Data excerpts
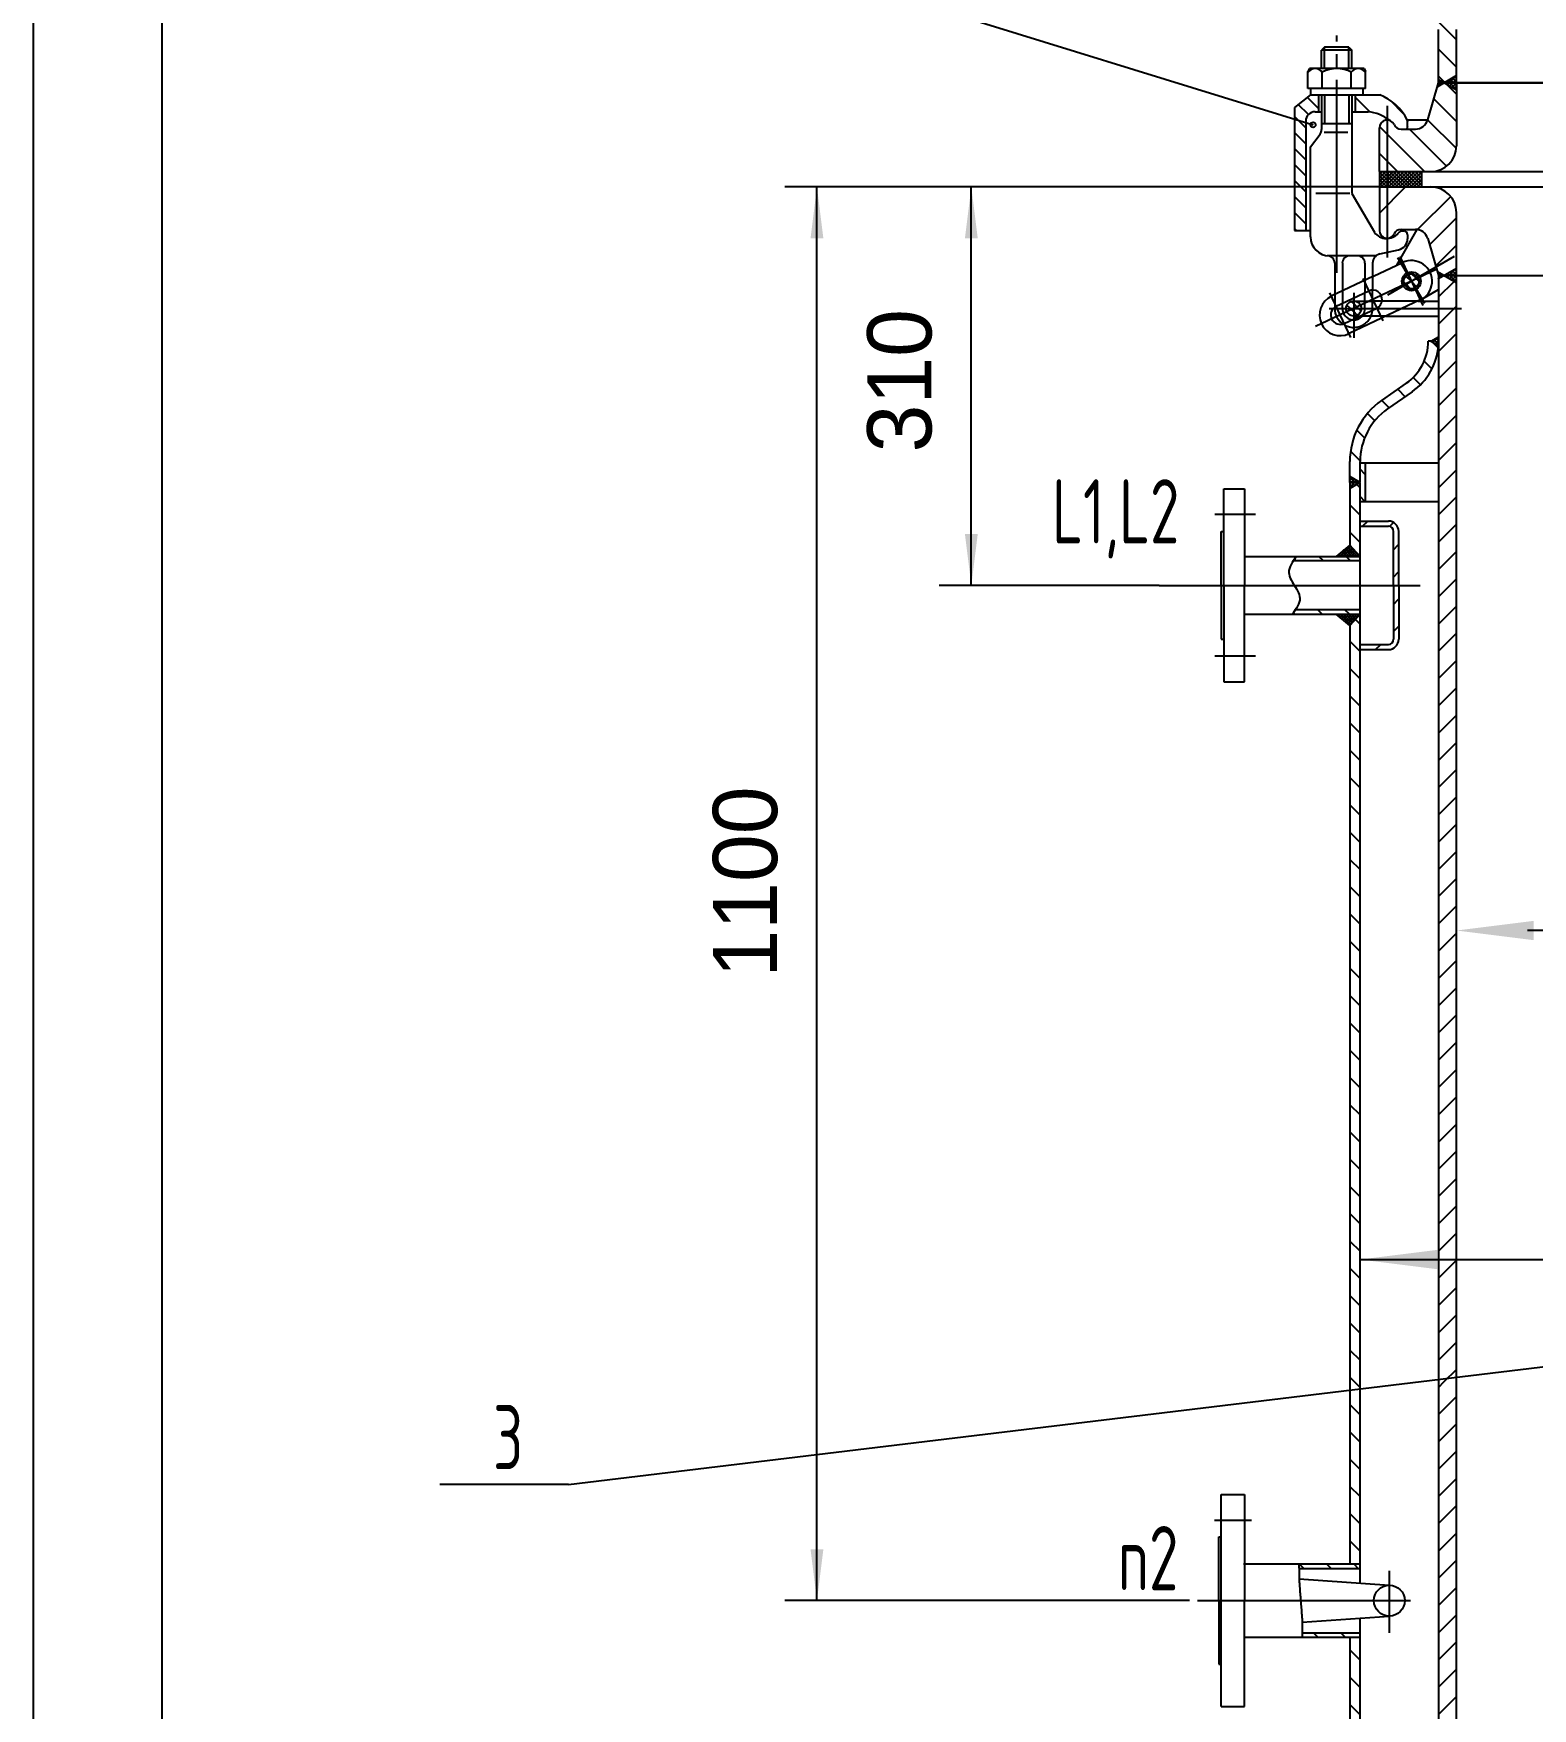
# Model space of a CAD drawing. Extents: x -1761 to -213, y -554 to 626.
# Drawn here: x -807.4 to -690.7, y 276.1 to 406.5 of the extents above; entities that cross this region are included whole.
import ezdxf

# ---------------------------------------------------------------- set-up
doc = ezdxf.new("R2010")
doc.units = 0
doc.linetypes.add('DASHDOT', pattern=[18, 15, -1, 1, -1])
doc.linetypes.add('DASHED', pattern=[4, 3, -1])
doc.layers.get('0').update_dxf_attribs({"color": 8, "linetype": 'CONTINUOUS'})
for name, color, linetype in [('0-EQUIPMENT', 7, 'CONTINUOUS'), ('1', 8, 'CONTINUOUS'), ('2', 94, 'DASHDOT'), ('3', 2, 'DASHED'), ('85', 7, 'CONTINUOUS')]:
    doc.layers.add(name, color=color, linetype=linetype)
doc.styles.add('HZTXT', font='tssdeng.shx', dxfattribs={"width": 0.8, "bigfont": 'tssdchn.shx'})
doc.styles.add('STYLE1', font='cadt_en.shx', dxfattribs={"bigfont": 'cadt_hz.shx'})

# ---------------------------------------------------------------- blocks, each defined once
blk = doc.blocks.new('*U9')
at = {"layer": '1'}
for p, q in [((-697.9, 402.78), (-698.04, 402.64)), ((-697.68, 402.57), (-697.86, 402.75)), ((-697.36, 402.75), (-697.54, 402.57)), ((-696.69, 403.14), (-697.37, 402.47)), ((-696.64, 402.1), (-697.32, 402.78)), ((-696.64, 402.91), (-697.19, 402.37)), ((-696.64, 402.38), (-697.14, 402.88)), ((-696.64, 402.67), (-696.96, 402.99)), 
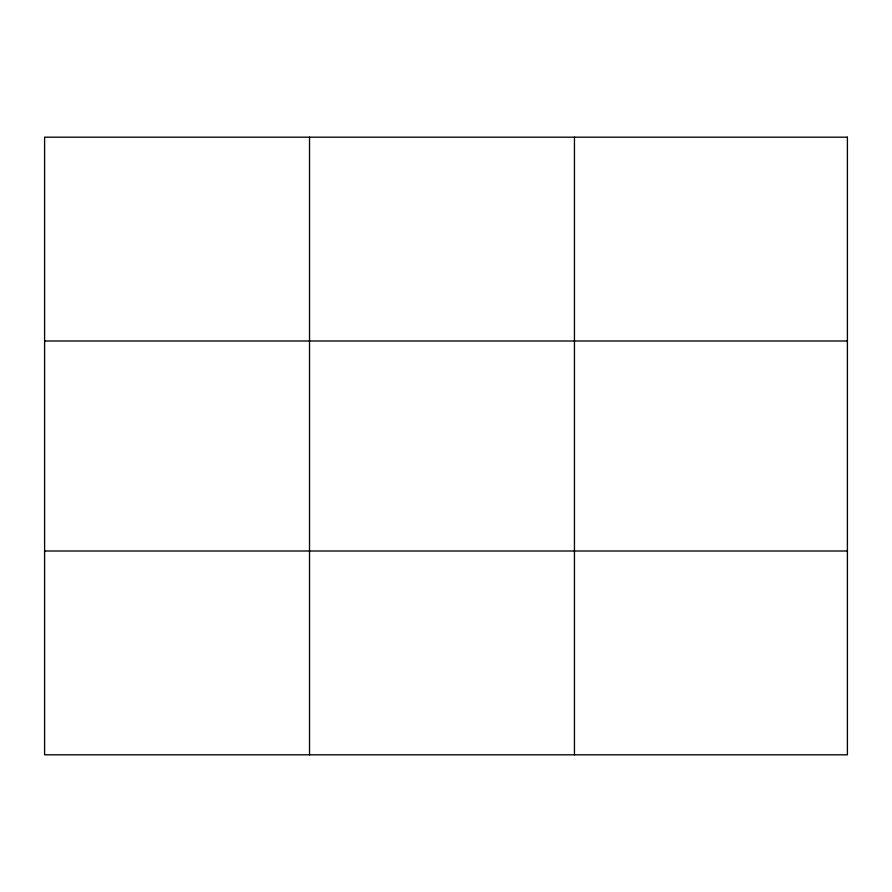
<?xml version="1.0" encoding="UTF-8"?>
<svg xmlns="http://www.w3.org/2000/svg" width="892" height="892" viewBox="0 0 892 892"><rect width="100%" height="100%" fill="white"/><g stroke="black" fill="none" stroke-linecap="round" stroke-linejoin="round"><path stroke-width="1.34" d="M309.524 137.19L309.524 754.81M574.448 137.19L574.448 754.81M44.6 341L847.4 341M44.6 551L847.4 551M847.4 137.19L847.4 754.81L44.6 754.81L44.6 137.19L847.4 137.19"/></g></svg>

▶ Your goal: Every line above that contains the word "layers" should be reported.

▶ Written response:
doc.layers.get('0').update_dxf_attribs({"color": 8, "linetype": 'CONTINUOUS'})
    doc.layers.add(name, color=color, linetype=linetype)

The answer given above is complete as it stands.